### [TASK BRIEF]
Transcribe word for word the lines below from the line with "(4.525, 0), align=None)" through the line with "(-8, 100), align=None)", ends included.

### [PROVIDED RECORDS]

━━━━

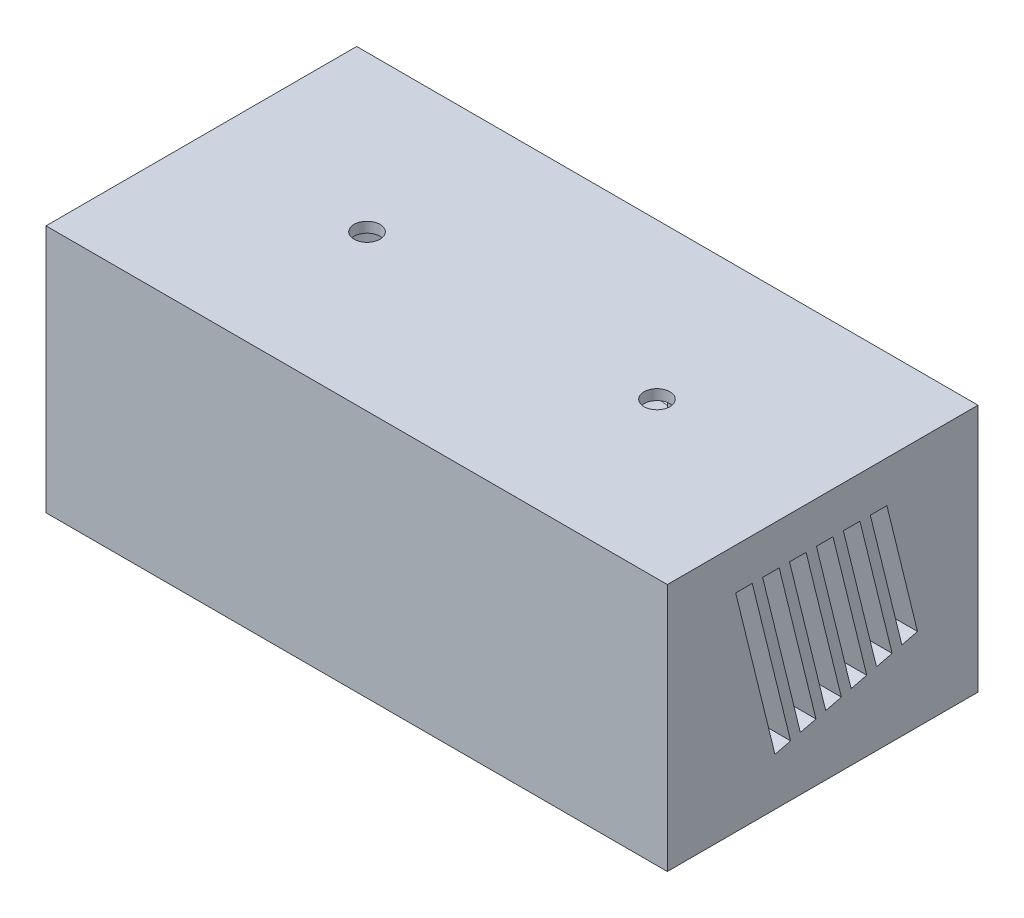
from build123d import *

# Parameters (mm, degrees)
SKETCH2_W                                     = 300
SKETCH2_H                                     = 150
BOSS_EXTRUDE1_DEPTH                           = 120
CUT_EXTRUDE2_DEPTH                            = 5
CUT_EXTRUDE3_DEPTH                            = 110
CBORE_FOR_M4_PAN_HEAD_MACHINE_SCREW1_AT_COUNT = 2
CBORE_FOR_M4_PAN_HEAD_MACHINE_SCREW1_AT_PITCH = 256
CBORE_FOR_M4_PAN_HEAD_MACHINE_SCREW1_2_COUNT  = 2
CBORE_FOR_M4_PAN_HEAD_MACHINE_SCREW1_2_PITCH  = 277.077606457
CBORE_FOR_M4_PAN_HEAD_MACHINE_SCREW1_3_COUNT  = 2
CBORE_FOR_M4_PAN_HEAD_MACHINE_SCREW1_3_PITCH  = 106
CUT_EXTRUDE5_DEPTH                            = 332.700165812
SKETCH17_R                                    = 15
CUT_EXTRUDE6_DEPTH                            = 20
SKETCH3_R                                     = 6.25
CUT_EXTRUDE1_DEPTH                            = 50


with BuildPart() as part:
    # Sketch2 → Boss-Extrude1 (new body)
    with BuildSketch(Plane(origin=(0, 0, 0), x_dir=(1, 0, 0), z_dir=(0, 1, 0))):
        Rectangle(SKETCH2_W, SKETCH2_H)
    extrude(amount=BOSS_EXTRUDE1_DEPTH)

    # Sketch7 → Cut-Extrude2 (cut)
    with BuildSketch(Plane.XZ):
        with BuildLine():
            Line((-120, 65), (120, 65))
            ThreePointArc((120, 65), (134.142135624, 59.142135624), (140, 45))
            Line((140, 45), (140, -45))
            ThreePointArc((140, -45), (134.142135624, -59.142135624), (120, -65))
            Line((120, -65), (-120, -65))
            ThreePointArc((-120, -65), (-134.142135624, -59.142135624), (-140, -45))
            Line((-140, -45), (-140, 45))
            ThreePointArc((-140, 45), (-134.142135624, 59.142135624), (-120, 65))
        make_face()
    extrude(amount=-CUT_EXTRUDE2_DEPTH, mode=Mode.SUBTRACT)

    # Sketch8 → Cut-Extrude3 (cut)
    with BuildSketch(Plane.XZ.offset(-5)):
        with BuildLine():
            Line((-91.715728753, 60), (91.715728753, 60))
            ThreePointArc((91.715728753, 60), (122.32233047, 47.32233047), (135, 16.715728753))
            Line((135, 16.715728753), (135, -16.715728753))
            ThreePointArc((135, -16.715728753), (122.32233047, -47.32233047), (91.715728753, -60))
            Line((91.715728753, -60), (-91.715728753, -60))
            ThreePointArc((-91.715728753, -60), (-122.32233047, -47.32233047), (-135, -16.715728753))
            Line((-135, -16.715728753), (-135, 16.715728753))
            ThreePointArc((-135, 16.715728753), (-122.32233047, 47.32233047), (-91.715728753, 60))
        make_face()
    extrude(amount=-CUT_EXTRUDE3_DEPTH, mode=Mode.SUBTRACT)

    # Sketch14 → CBORE for M4 Pan Head Machine Screw1 (revolve, cut)
    with BuildSketch(Plane(origin=(128, 0, -53), x_dir=(0, 0, -1), z_dir=(1, 0, 0))):
        Polygon((0, 0), (0, 31.351936393), (2.25, 30), (2.25, 3.1), (4.5, 3.1), (4.5, 0.025), (4.525, 0), align=None)
    cbore_for_m4_pan_head_machine_screw1 = revolve(axis=Axis((128, -6.35, -53), (0, 1, 0)), mode=Mode.SUBTRACT)

    # CBORE for M4 Pan Head Machine Screw1 at: CBORE for M4 Pan Head Machine Screw1 ×2
    with Locations(*[(-i * CBORE_FOR_M4_PAN_HEAD_MACHINE_SCREW1_AT_PITCH, 0, 0) for i in range(1, CBORE_FOR_M4_PAN_HEAD_MACHINE_SCREW1_AT_COUNT)]):
        add(cbore_for_m4_pan_head_machine_screw1, mode=Mode.SUBTRACT)

    # CBORE for M4 Pan Head Machine Screw1 2: CBORE for M4 Pan Head Machine Screw1 ×2
    with Locations(*[Vector(-0.9239288705910962, 0, 0.38256429797912606) * (i * CBORE_FOR_M4_PAN_HEAD_MACHINE_SCREW1_2_PITCH) for i in range(1, CBORE_FOR_M4_PAN_HEAD_MACHINE_SCREW1_2_COUNT)]):
        add(cbore_for_m4_pan_head_machine_screw1, mode=Mode.SUBTRACT)

    # CBORE for M4 Pan Head Machine Screw1 3: CBORE for M4 Pan Head Machine Screw1 ×2
    with Locations(*[(0, 0, i * CBORE_FOR_M4_PAN_HEAD_MACHINE_SCREW1_3_PITCH) for i in range(1, CBORE_FOR_M4_PAN_HEAD_MACHINE_SCREW1_3_COUNT)]):
        add(cbore_for_m4_pan_head_machine_screw1, mode=Mode.SUBTRACT)

    # Sketch15 → Cut-Extrude5 (cut, through all)
    with BuildSketch(Plane(origin=(150, 0, 0), x_dir=(0, 0, -1), z_dir=(1, 0, 0))):
        Polygon((-42, 100), (-23.029720743, 23.02020202), (-15.487735621, 24.878787879), (-34, 100), align=None)
        Polygon((-29, 100), (-10.773994919, 26.04040404), (-3.232009797, 27.898989899), (-21, 100), align=None)
        Polygon((-16, 100), (1.481730904, 29.060606061), (9.023716027, 30.919191919), (-8, 100), align=None)
        Polygon((-3, 100), (13.737456728, 32.080808081), (21.27944185, 33.939393939), (5, 100), align=None)
        Polygon((10, 100), (25.993182552, 35.101010101), (33.535167674, 36.95959596), (18, 100), align=None)
        Polygon((23, 100), (38.248908375, 38.121212121), (45.790893498, 39.97979798), (31, 100), align=None)
    extrude(amount=-CUT_EXTRUDE5_DEPTH, mode=Mode.SUBTRACT)

    # Sketch17 → Cut-Extrude6 (cut)
    with BuildSketch(Plane(origin=(0, 0, -75), x_dir=(-1, 0, 0), z_dir=(0, 0, -1))):
        with Locations((0, 60)):
            Circle(SKETCH17_R)
    extrude(amount=-CUT_EXTRUDE6_DEPTH, mode=Mode.SUBTRACT)

    # Sketch3 → Cut-Extrude1 (cut)
    with BuildSketch(Plane(origin=(0, 120, 0), x_dir=(1, 0, 0), z_dir=(0, 1, 0))):
        with Locations(Location((-70, 0, 0), (0, 0, 270))):
            Circle(SKETCH3_R)
        with Locations(Location((70, 0, 0), (0, 0, 270))):
            Circle(SKETCH3_R)
    extrude(amount=-CUT_EXTRUDE1_DEPTH, mode=Mode.SUBTRACT)


solid = part.part
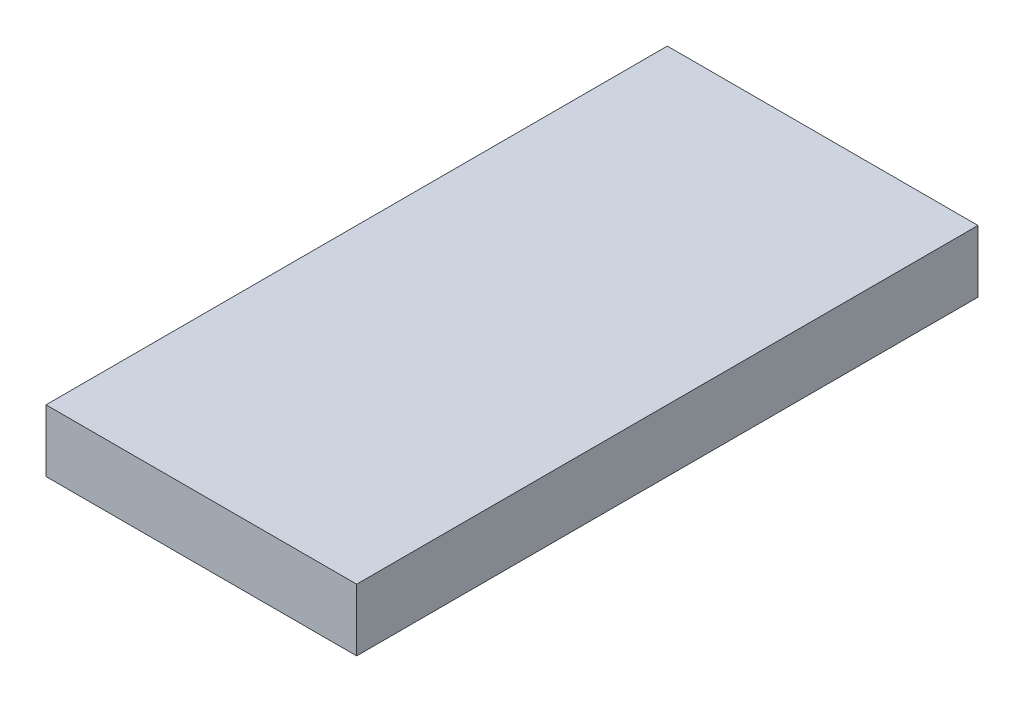
from build123d import *

# Parameters (mm, degrees)
CROQUIS1_W              = 60
CROQUIS1_H              = 120
SALIENTE_EXTRUIR1_DEPTH = 12


with BuildPart() as part:
    # Croquis1 → Saliente-Extruir1 (new body)
    with BuildSketch(Plane(origin=(0, 0, 0), x_dir=(1, 0, 0), z_dir=(0, 1, 0))):
        Rectangle(CROQUIS1_W, CROQUIS1_H)
    extrude(amount=SALIENTE_EXTRUIR1_DEPTH)


solid = part.part

━━━━

### [RESPONSE BELOW]
        Polygon((0, 0), (0, 31.351936393), (2.25, 30), (2.25, 3.1), (4.5, 3.1), (4.5, 0.025), (4.525, 0), align=None)
    cbore_for_m4_pan_head_machine_screw1 = revolve(axis=Axis((128, -6.35, -53), (0, 1, 0)), mode=Mode.SUBTRACT)

    # CBORE for M4 Pan Head Machine Screw1 at: CBORE for M4 Pan Head Machine Screw1 ×2
    with Locations(*[(-i * CBORE_FOR_M4_PAN_HEAD_MACHINE_SCREW1_AT_PITCH, 0, 0) for i in range(1, CBORE_FOR_M4_PAN_HEAD_MACHINE_SCREW1_AT_COUNT)]):
        add(cbore_for_m4_pan_head_machine_screw1, mode=Mode.SUBTRACT)

    # CBORE for M4 Pan Head Machine Screw1 2: CBORE for M4 Pan Head Machine Screw1 ×2
    with Locations(*[Vector(-0.9239288705910962, 0, 0.38256429797912606) * (i * CBORE_FOR_M4_PAN_HEAD_MACHINE_SCREW1_2_PITCH) for i in range(1, CBORE_FOR_M4_PAN_HEAD_MACHINE_SCREW1_2_COUNT)]):
        add(cbore_for_m4_pan_head_machine_screw1, mode=Mode.SUBTRACT)

    # CBORE for M4 Pan Head Machine Screw1 3: CBORE for M4 Pan Head Machine Screw1 ×2
    with Locations(*[(0, 0, i * CBORE_FOR_M4_PAN_HEAD_MACHINE_SCREW1_3_PITCH) for i in range(1, CBORE_FOR_M4_PAN_HEAD_MACHINE_SCREW1_3_COUNT)]):
        add(cbore_for_m4_pan_head_machine_screw1, mode=Mode.SUBTRACT)

    # Sketch15 → Cut-Extrude5 (cut, through all)
    with BuildSketch(Plane(origin=(150, 0, 0), x_dir=(0, 0, -1), z_dir=(1, 0, 0))):
        Polygon((-42, 100), (-23.029720743, 23.02020202), (-15.487735621, 24.878787879), (-34, 100), align=None)
        Polygon((-29, 100), (-10.773994919, 26.04040404), (-3.232009797, 27.898989899), (-21, 100), align=None)
        Polygon((-16, 100), (1.481730904, 29.060606061), (9.023716027, 30.919191919), (-8, 100), align=None)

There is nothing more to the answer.